Kolom

Masa Depan

Mimpi. | Fixabay/Yakup Ipek

SUATU kali, dulu, saya ditanya Wan Agung yang masih bocil, “Cita-cita ayah apa?”

“Ayah kok ditanya cita cita-cita sih Gung?”

“Kata Bu Guru, setiap orang itu harus punya cita-cita. Biar bisa menentukan masa depan kita seperti apa…”

“Ya, Agung yang masih muda yang harus punya cita-cita. Kalau ayah sebagai orang tua yang mendukung Agung agar bisa meraih cita-cita.”

“Memang, ayah dulu waktu kecil bercita-cita jadi apa?”

Wah… ini anak. Saya musti jawab apa. Saya tak ingat. Mungkin juga saya dulu tak punya cita-cita sehingga tak ada yang perlu benar-benar diperjuangkan secara sungguh-sungguh. Akibatnya, hidup saya datar-datar saja, kaya nggak miskin juga nggak, pinter nggak tapi dibilang goblok ya saya marah, hehee…

Waktu kecil saya hanya senangnya didongengi. Waktu sudah bisa baca, saya suka baca cerita—dari kelisanan ke tulisan. Baca puisi atau karya ilmiah, belum ngerti. Maka, buku-buku atau majalah yang berisi cerita–kisah, yang tidak suka menggurui–yang menjadi sasaran pembacaan saya. Inilah yang kemudian membuat saya kepengin membuat cerita seperti yang saya baca. Jadi pengarang kayaknya keren.

Eiit, ketika sedikit besar dan mulai dicekoki pelajaran (teori, konsep, dll) di sekolah, agaknya saya mulai menyadari bahwa hidup itu ternyata tak melulu fiksi atau cerita. Saya pun mengenal tulisan nonfiksi yang berisi pengetahuan, pendapat atau pemikiran. Bagus juga kok apalagi jika yang menuliskannya “pinter” menyajikan tulisannya sehingga menarik dan enak dibaca.

“Cita-cita ayah waktu kecil dulu apa?” tanya Agung mendesak.

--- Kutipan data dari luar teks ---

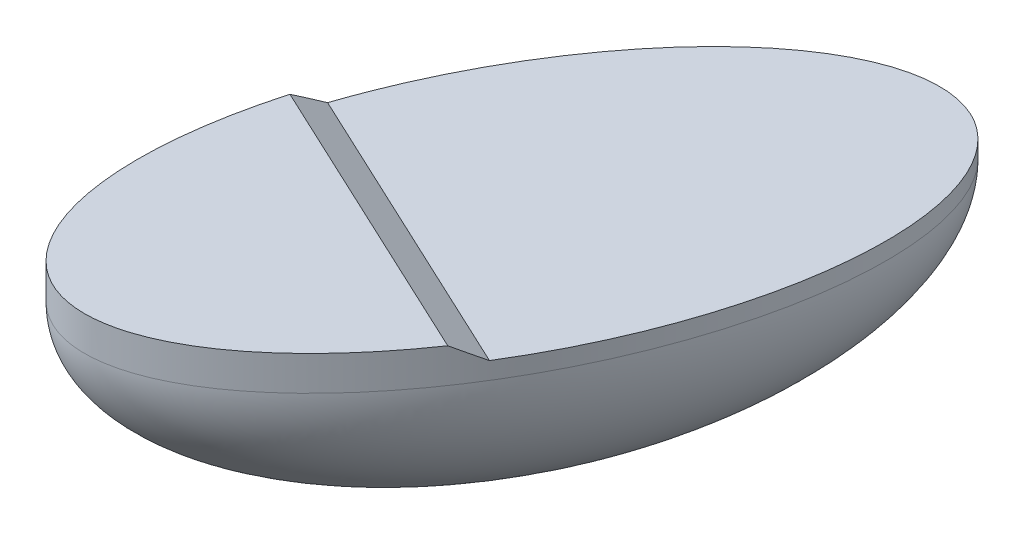
ISO-10303-21;
HEADER;
FILE_DESCRIPTION(('STEP AP214'),'2;1');
FILE_NAME('part.step','',(''),(''),'','','');
FILE_SCHEMA(('AUTOMOTIVE_DESIGN { 1 0 10303 214 1 1 1 1 }'));
ENDSEC;
DATA;
#1=APPLICATION_CONTEXT('core data for automotive mechanical design processes');
#2=APPLICATION_PROTOCOL_DEFINITION('international standard','automotive_design',2000,#1);
#3=PRODUCT_CONTEXT('',#1,'mechanical');
#4=PRODUCT('Part','Part','',(#3));
#5=PRODUCT_RELATED_PRODUCT_CATEGORY('part','',(#4));
#6=PRODUCT_DEFINITION_FORMATION('','',#4);
#7=PRODUCT_DEFINITION_CONTEXT('part definition',#1,'design');
#8=PRODUCT_DEFINITION('design','',#6,#7);
#9=PRODUCT_DEFINITION_SHAPE('','',#8);
#10=(LENGTH_UNIT() NAMED_UNIT(*) SI_UNIT(.MILLI.,.METRE.));
#11=(NAMED_UNIT(*) PLANE_ANGLE_UNIT() SI_UNIT($,.RADIAN.));
#12=(NAMED_UNIT(*) SI_UNIT($,.STERADIAN.) SOLID_ANGLE_UNIT());
#13=UNCERTAINTY_MEASURE_WITH_UNIT(LENGTH_MEASURE(1.E-05),#10,'distance_accuracy_value','');
#14=(GEOMETRIC_REPRESENTATION_CONTEXT(3) GLOBAL_UNCERTAINTY_ASSIGNED_CONTEXT((#13)) GLOBAL_UNIT_ASSIGNED_CONTEXT((#10,
#11,#12)) REPRESENTATION_CONTEXT('',''));
#15=CARTESIAN_POINT('',(0.,0.,0.));
#16=DIRECTION('',(0.,0.,1.));
#17=DIRECTION('',(1.,0.,0.));
#18=AXIS2_PLACEMENT_3D('',#15,#16,#17);
#19=CARTESIAN_POINT('',(0.,2000.,0.));
#20=DIRECTION('',(0.,1.,0.));
#21=DIRECTION('',(0.,0.,1.));
#22=AXIS2_PLACEMENT_3D('',#19,#20,#21);
#23=PLANE('',#22);
#24=CARTESIAN_POINT('',(0.,2000.,0.));
#25=DIRECTION('',(0.,1.,0.));
#26=DIRECTION('',(0.423940106048631,0.,-0.905690226558439));
#27=AXIS2_PLACEMENT_3D('',#24,#25,#26);
#28=ELLIPSE('',#27,40000.,20000.);
#29=CARTESIAN_POINT('',(13820.8411229119,2000.,16433.7412709297));
#30=VERTEX_POINT('',#29);
#31=CARTESIAN_POINT('',(-21472.6802396233,2000.,-86.6304306826926));
#32=VERTEX_POINT('',#31);
#33=EDGE_CURVE('E77',#30,#32,#28,.T.);
#34=ORIENTED_EDGE('',*,*,#33,.T.);
#35=DIRECTION('',(0.905690226558437,0.,0.423940106048634));
#36=VECTOR('',#35,1.);
#37=CARTESIAN_POINT('',(-3825.91955835571,2000.,8173.55542012348));
#38=LINE('',#37,#36);
#39=EDGE_CURVE('E84',#32,#30,#38,.T.);
#40=ORIENTED_EDGE('',*,*,#39,.T.);
#41=EDGE_LOOP('',(#34,#40));
#42=FACE_BOUND('',#41,.T.);
#43=ADVANCED_FACE('F41',(#42),#23,.T.);
#44=DIRECTION('',(0.,-1.,0.));
#45=VECTOR('',#44,1.);
#46=SURFACE_OF_LINEAR_EXTRUSION('',#28,#45);
#47=ORIENTED_EDGE('',*,*,#33,.F.);
#48=CARTESIAN_POINT('',(13820.8411229119,2000.,16433.7412709297));
#49=CARTESIAN_POINT('',(13769.8313260496,2055.69167472418,16516.3696457262));
#50=CARTESIAN_POINT('',(13718.6592328043,2111.373986921,16598.9041470144));
#51=CARTESIAN_POINT('',(13615.992632181,2222.71590833318,16763.7788149345));
#52=CARTESIAN_POINT('',(13564.4981438551,2278.37551868688,16846.1189926614));
#53=CARTESIAN_POINT('',(13461.1853985622,2389.67195168502,17010.6042173992));
#54=CARTESIAN_POINT('',(13409.367157001,2445.30877528154,17092.7492734422));
#55=CARTESIAN_POINT('',(13305.4054752259,2556.55954297689,17256.843409908));
#56=CARTESIAN_POINT('',(13253.2620467072,2612.17348782275,17338.7924972339));
#57=CARTESIAN_POINT('',(13148.6484983667,2723.37840284892,17502.4938155781));
#58=CARTESIAN_POINT('',(13096.1783864597,2778.9693735513,17584.2460512997));
#59=CARTESIAN_POINT('',(12990.9099108692,2890.12824064514,17747.5527454383));
#60=CARTESIAN_POINT('',(12938.1115512447,2945.69613731289,17829.1072062837));
#61=CARTESIAN_POINT('',(12832.1848393629,3056.80887003263,17992.0175619916));
#62=CARTESIAN_POINT('',(12779.0564865295,3112.35370604417,18073.3734565072));
#63=CARTESIAN_POINT('',(12672.4682172917,3223.42007339407,18235.8854774851));
#64=CARTESIAN_POINT('',(12619.0082970935,3278.94160445796,18317.0416016467));
#65=CARTESIAN_POINT('',(12511.7551436792,3389.96122786285,18479.1530066685));
#66=CARTESIAN_POINT('',(12457.9619026809,3445.45931962405,18560.1082827772));
#67=CARTESIAN_POINT('',(12350.0402853249,3556.43192454726,18721.8168711816));
#68=CARTESIAN_POINT('',(12295.9118971044,3611.90643679953,18802.5701761847));
#69=CARTESIAN_POINT('',(12187.3180926631,3722.83173841062,18963.8736605111));
#70=CARTESIAN_POINT('',(12132.8526604,3778.28252650384,19044.4238299049));
#71=CARTESIAN_POINT('',(12023.5827869244,3889.16022519801,19205.3198201036));
#72=CARTESIAN_POINT('',(11968.7783253839,3944.58713414983,19285.6656282396));
#73=CARTESIAN_POINT('',(11913.8053703734,4000.,19365.9057109273));
#74=B_SPLINE_CURVE_WITH_KNOTS('',3,(#48,#49,#50,#51,#52,#53,#54,#55,#56,#57,#58,#59,#60,#61,#62,
#63,#64,#65,#66,#67,#68,#69,#70,#71,#72,#73),.UNSPECIFIED.,.F.,.F.,(4,2,2,2,2,2,2,2,2,2,2,2,4),
(0.,335.825837614167,671.63201333477,1007.42232952218,1343.20063786331,1678.97084254081,
2014.73690351186,2350.50355083537,2686.27404720107,3022.05241266846,3357.84273212364,
3693.64915907925,4029.47591962745),.UNSPECIFIED.);
#75=CARTESIAN_POINT('',(11913.8053703734,4000.,19365.9057109273));
#76=VERTEX_POINT('',#75);
#77=EDGE_CURVE('E51',#30,#76,#74,.T.);
#78=ORIENTED_EDGE('',*,*,#77,.T.);
#79=CARTESIAN_POINT('',(0.,4000.,0.));
#80=DIRECTION('',(0.,1.,0.));
#81=DIRECTION('',(0.423940106048631,0.,-0.905690226558439));
#82=AXIS2_PLACEMENT_3D('',#79,#80,#81);
#83=ELLIPSE('',#82,40000.,20000.);
#84=CARTESIAN_POINT('',(-22502.7876992543,4000.,3256.0110825908));
#85=VERTEX_POINT('',#84);
#86=EDGE_CURVE('E78',#85,#76,#83,.T.);
#87=ORIENTED_EDGE('',*,*,#86,.F.);
#88=CARTESIAN_POINT('',(-22502.7876992542,4000.,3256.0110825908));
#89=CARTESIAN_POINT('',(-22476.3828928654,3944.58713414983,3162.3986750163));
#90=CARTESIAN_POINT('',(-22449.7889697062,3889.16022519801,3068.84793402109));
#91=CARTESIAN_POINT('',(-22396.2270031316,3778.28252650384,2881.87590229422));
#92=CARTESIAN_POINT('',(-22369.2589824659,3722.83173841063,2788.4546040676));
#93=CARTESIAN_POINT('',(-22314.9510385647,3611.90643679953,2601.74071693516));
#94=CARTESIAN_POINT('',(-22287.6111332302,3556.43192454726,2508.44812207054));
#95=CARTESIAN_POINT('',(-22232.5615339427,3445.45931962405,2321.99092946388));
#96=CARTESIAN_POINT('',(-22204.8518531886,3389.96122786285,2228.82632728342));
#97=CARTESIAN_POINT('',(-22149.0647399523,3278.94160445796,2042.62443536976));
#98=CARTESIAN_POINT('',(-22120.9873161037,3223.42007339406,1949.58714270411));
#99=CARTESIAN_POINT('',(-22064.4666718604,3112.35370604418,1763.63921215435));
#100=CARTESIAN_POINT('',(-22036.0234556627,3056.80887003263,1670.72857283058));
#101=CARTESIAN_POINT('',(-21978.7731631978,2945.6961373129,1485.03351016152));
#102=CARTESIAN_POINT('',(-21949.9660875662,2890.12824064515,1392.24908659608));
#103=CARTESIAN_POINT('',(-21891.9898071781,2778.96937355131,1206.80562023506));
#104=CARTESIAN_POINT('',(-21862.8205979569,2723.37840284892,1114.14657900094));
#105=CARTESIAN_POINT('',(-21804.1217656329,2612.17348782275,928.953265925592));
#106=CARTESIAN_POINT('',(-21774.5921338486,2556.55954297689,836.418997149599));
#107=CARTESIAN_POINT('',(-21715.1740970312,2445.30877528154,651.47464389501));
#108=CARTESIAN_POINT('',(-21685.2856792058,2389.67195168503,559.064563975736));
#109=CARTESIAN_POINT('',(-21625.1516431392,2278.37551868688,374.368028536274));
#110=CARTESIAN_POINT('',(-21594.9060080938,2222.71590833318,282.081579061065));
#111=CARTESIAN_POINT('',(-21534.0590243643,2111.373986921,97.6317713183087));
#112=CARTESIAN_POINT('',(-21503.4576549563,2055.69167472418,5.46842057429456));
#113=CARTESIAN_POINT('',(-21472.6802396233,2000.,-86.6304306826983));
#114=B_SPLINE_CURVE_WITH_KNOTS('',3,(#88,#89,#90,#91,#92,#93,#94,#95,#96,#97,#98,#99,#100,#101,
#102,#103,#104,#105,#106,#107,#108,#109,#110,#111,#112,#113),.UNSPECIFIED.,.F.,.F.,(4,2,2,2,2,2,
2,2,2,2,2,2,4),(0.,335.826760548197,671.63318750381,1007.42350695899,1343.20187242638,
1678.97236879208,2014.73901611558,2350.50507708664,2686.27528176414,3022.05359010527,
3357.84390629268,3693.65008201328,4029.47591962745),.UNSPECIFIED.);
#115=EDGE_CURVE('E73',#85,#32,#114,.T.);
#116=ORIENTED_EDGE('',*,*,#115,.T.);
#117=EDGE_LOOP('',(#47,#78,#87,#116));
#118=FACE_BOUND('',#117,.T.);
#119=CARTESIAN_POINT('',(0.,0.,0.));
#120=DIRECTION('',(0.,1.,0.));
#121=DIRECTION('',(0.423940106048631,0.,-0.905690226558439));
#122=AXIS2_PLACEMENT_3D('',#119,#120,#121);
#123=ELLIPSE('',#122,40000.,20000.);
#124=CARTESIAN_POINT('',(16957.6042419452,0.,-36227.6090623375));
#125=VERTEX_POINT('',#124);
#126=CARTESIAN_POINT('',(-16957.6042419452,0.,36227.6090623375));
#127=VERTEX_POINT('',#126);
#128=EDGE_CURVE('E85',#125,#127,#123,.T.);
#129=ORIENTED_EDGE('',*,*,#128,.T.);
#130=CARTESIAN_POINT('',(0.,0.,0.));
#131=DIRECTION('',(0.,-1.,0.));
#132=DIRECTION('',(0.423940106048631,0.,-0.905690226558439));
#133=AXIS2_PLACEMENT_3D('',#130,#131,#132);
#134=ELLIPSE('',#133,40000.,20000.);
#135=EDGE_CURVE('E88',#125,#127,#134,.T.);
#136=ORIENTED_EDGE('',*,*,#135,.F.);
#137=EDGE_LOOP('',(#129,#136));
#138=FACE_BOUND('',#137,.T.);
#139=ADVANCED_FACE('F75',(#118,#138),#46,.F.);
#140=CARTESIAN_POINT('',(2.1316282072803E-11,0.,-2.8421709430404E-11));
#141=DIRECTION('',(0.,1.,0.));
#142=DIRECTION('',(0.423940106048631,0.,-0.905690226558439));
#143=AXIS2_PLACEMENT_3D('',#140,#141,#142);
#144=ELLIPSE('',#143,40000.,20000.);
#145=TRIMMED_CURVE('',#144,(PARAMETER_VALUE(0.)),(PARAMETER_VALUE(3.14159265358979)),.T.,.PARAMETER.);
#146=CARTESIAN_POINT('',(-16957.6042419452,0.,36227.6090623375));
#147=DIRECTION('',(-0.423940106048631,0.,0.905690226558439));
#148=AXIS1_PLACEMENT('',#146,#147);
#149=SURFACE_OF_REVOLUTION('',#145,#148);
#150=ORIENTED_EDGE('',*,*,#135,.T.);
#151=ORIENTED_EDGE('',*,*,#128,.F.);
#152=EDGE_LOOP('',(#150,#151));
#153=FACE_BOUND('',#152,.T.);
#154=ADVANCED_FACE('F96',(#153),#149,.T.);
#155=CARTESIAN_POINT('',(0.,4000.,0.));
#156=DIRECTION('',(0.,1.,0.));
#157=DIRECTION('',(0.,0.,1.));
#158=AXIS2_PLACEMENT_3D('',#155,#156,#157);
#159=PLANE('',#158);
#160=ORIENTED_EDGE('',*,*,#86,.T.);
#161=DIRECTION('',(-0.905690226558437,0.,-0.423940106048634));
#162=VECTOR('',#161,1.);
#163=CARTESIAN_POINT('',(-5294.49116444045,4000.,11310.958396759));
#164=LINE('',#163,#162);
#165=EDGE_CURVE('E11',#76,#85,#164,.T.);
#166=ORIENTED_EDGE('',*,*,#165,.T.);
#167=EDGE_LOOP('',(#160,#166));
#168=FACE_BOUND('',#167,.T.);
#169=ADVANCED_FACE('F100',(#168),#159,.T.);
#170=CARTESIAN_POINT('',(-3825.91955835571,2000.,8173.55542012348));
#171=DIRECTION('',(-0.211970053024317,-0.866025403784439,0.452845113279219));
#172=DIRECTION('',(0.905690226558437,0.,0.423940106048634));
#173=AXIS2_PLACEMENT_3D('',#170,#171,#172);
#174=PLANE('',#173);
#175=ORIENTED_EDGE('',*,*,#115,.F.);
#176=ORIENTED_EDGE('',*,*,#165,.F.);
#177=ORIENTED_EDGE('',*,*,#77,.F.);
#178=ORIENTED_EDGE('',*,*,#39,.F.);
#179=EDGE_LOOP('',(#175,#176,#177,#178));
#180=FACE_BOUND('',#179,.T.);
#181=ADVANCED_FACE('F44',(#180),#174,.F.);
#182=CLOSED_SHELL('',(#43,#139,#154,#169,#181));
#183=MANIFOLD_SOLID_BREP('B2',#182);
#184=ADVANCED_BREP_SHAPE_REPRESENTATION('',(#18,#183),#14);
#185=SHAPE_DEFINITION_REPRESENTATION(#9,#184);
ENDSEC;
END-ISO-10303-21;

Tapi, benaran. Saya lupa dulu yang bercita-cita menjadi apa.

Akhirnya, saya jawab saja, “Jadi penulis!”

“Eeehh, masa jadi penulis?” Agung tak percaya.

“Benar geh ayah kepengen jadi penulis waktu kecil. Dan, kan ayah sekarang jadi tukang tulis.”

“Aahhh… bo’ong!”

Nggak-lah. Ayah gak bohong!”

Tapi, dalam hati saya membenarkan kata Agung bahwa saya berbohong. Yang betul saya lupa bercita-cita apa dulu waktu kecil.

“Memang Agung mau jadi apa nanti kalau besar?”

“Jadi, polisi Yah.”

“Ya, harus banyak makan, rajin sekolah, belajar yang benar… itu demi masa depan.”

Eehhh, Agung masih penasaran, “Cita-cita ayah sekarang apa?”

Nggak punya!”

“Kalau nggak punya cita-cita berarti ayah nggak punya masa depan dong.”

Ampyun! Ini anak kok aneh-aneh saja.

“Masa depan itu punya Agung yang masih kecil, yang masih muda. Ayah dan mama menjadi pendukung utama agar cita-cita Agung tercapai dan masa depan Agung lebih baik.”

Ya, masa depan milik yang muda-muda. Ingat masa depan!  Maka, yang muda-muda ya harus belajar dan bekerja keras agar sukses di masa depan sebagaimana yang mereka cita-citakan.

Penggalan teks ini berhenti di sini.